(PROMPT) Scan the lines below for the word "source". Copy each line you find it in.

(Records excerpted from a collection)
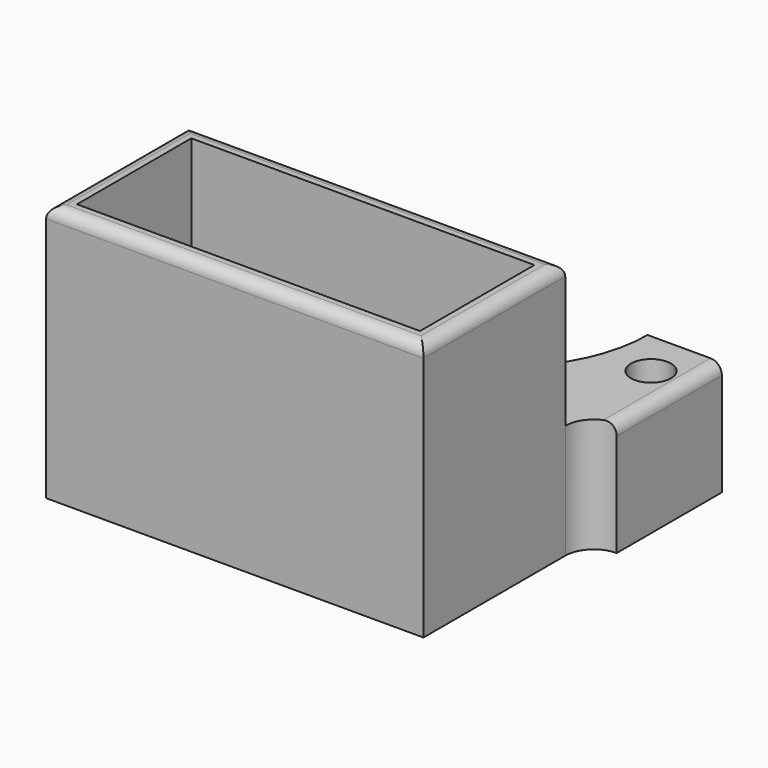
from build123d import *

# Parameters (mm, degrees)
F0_W     = 60
F0_H     = 25
F1_DEPTH = 45
F0_R     = 3.5
F2_DEPTH = 20
F4_R     = 2
F4_2_R   = 2


# Not quite as in the source:
# - a feature of the source that left no trace in its solid (it failed there, or was rolled back) is left out


with BuildPart() as f1:
    # F0 (on Top) → F1 (new body)
    with BuildSketch(Plane.XY):
        Polygon((-33, -15.5), (33, -15.5), (33, 15.5), (0, 15.5), (-33, 15.5), align=None)
        Rectangle(F0_W, F0_H, mode=Mode.SUBTRACT)
    extrude(amount=F1_DEPTH)

    # F4#2
    f4_2_edges = [f1.edges().sort_by_distance(p)[0] for p in [
        (0, -15.5, 45),
        (33, 0, 45),
        (0, 15.5, 45),
        (-33, 0, 45),
    ]]
    fillet(f4_2_edges, radius=F4_2_R)


with BuildPart() as f2:
    # F0 (on Top) → F2 (new body)
    with BuildSketch(Plane.XY):
        with BuildLine():
            Line((0, 15.5), (33, 15.5))
            ThreePointArc((33, 15.5), (34.4644660941, 19.0355339059), (38, 20.5))
            Line((38, 20.5), (38, 43.5))
            Line((38, 43.5), (28, 43.5))
            ThreePointArc((28, 43.5), (19.7989898732, 23.7010101268), (0, 15.5))
        make_face()
        with Locations((32, 35.5)):
            Circle(F0_R, mode=Mode.SUBTRACT)
        with BuildLine():
            ThreePointArc((-28, 43.5), (-19.7989898732, 23.7010101268), (0, 15.5))
            ThreePointArc((0, 15.5), (19.7989898732, 23.7010101268), (28, 43.5))
            Line((28, 43.5), (25, 43.5))
            ThreePointArc((25, 43.5), (0, 18.5), (-25, 43.5))
            Line((-25, 43.5), (-28, 43.5))
        make_face()
        with BuildLine():
            ThreePointArc((-38, 20.5), (-34.4644660941, 19.0355339059), (-33, 15.5))
            Line((-33, 15.5), (0, 15.5))
            ThreePointArc((0, 15.5), (-19.7989898732, 23.7010101268), (-28, 43.5))
            Line((-28, 43.5), (-38, 43.5))
            Line((-38, 43.5), (-38, 20.5))
        make_face()
        with Locations((-32, 35.5)):
            Circle(F0_R, mode=Mode.SUBTRACT)
    extrude(amount=F2_DEPTH)

    # F4
    f4_edges = [f2.edges().sort_by_distance(p)[0] for p in [
        (-38, 20.5, 10),
        (38, 32, 20),
        (-38, 32, 20),
        (-34.464466, 19.035534, 20),
    ]]
    fillet(f4_edges, radius=F4_R)


solid = Compound([f1.part, f2.part])

(SOLUTION TO THIS TASK)
# Not quite as in the source:
# - a feature of the source that left no trace in its solid (it failed there, or was rolled back) is left out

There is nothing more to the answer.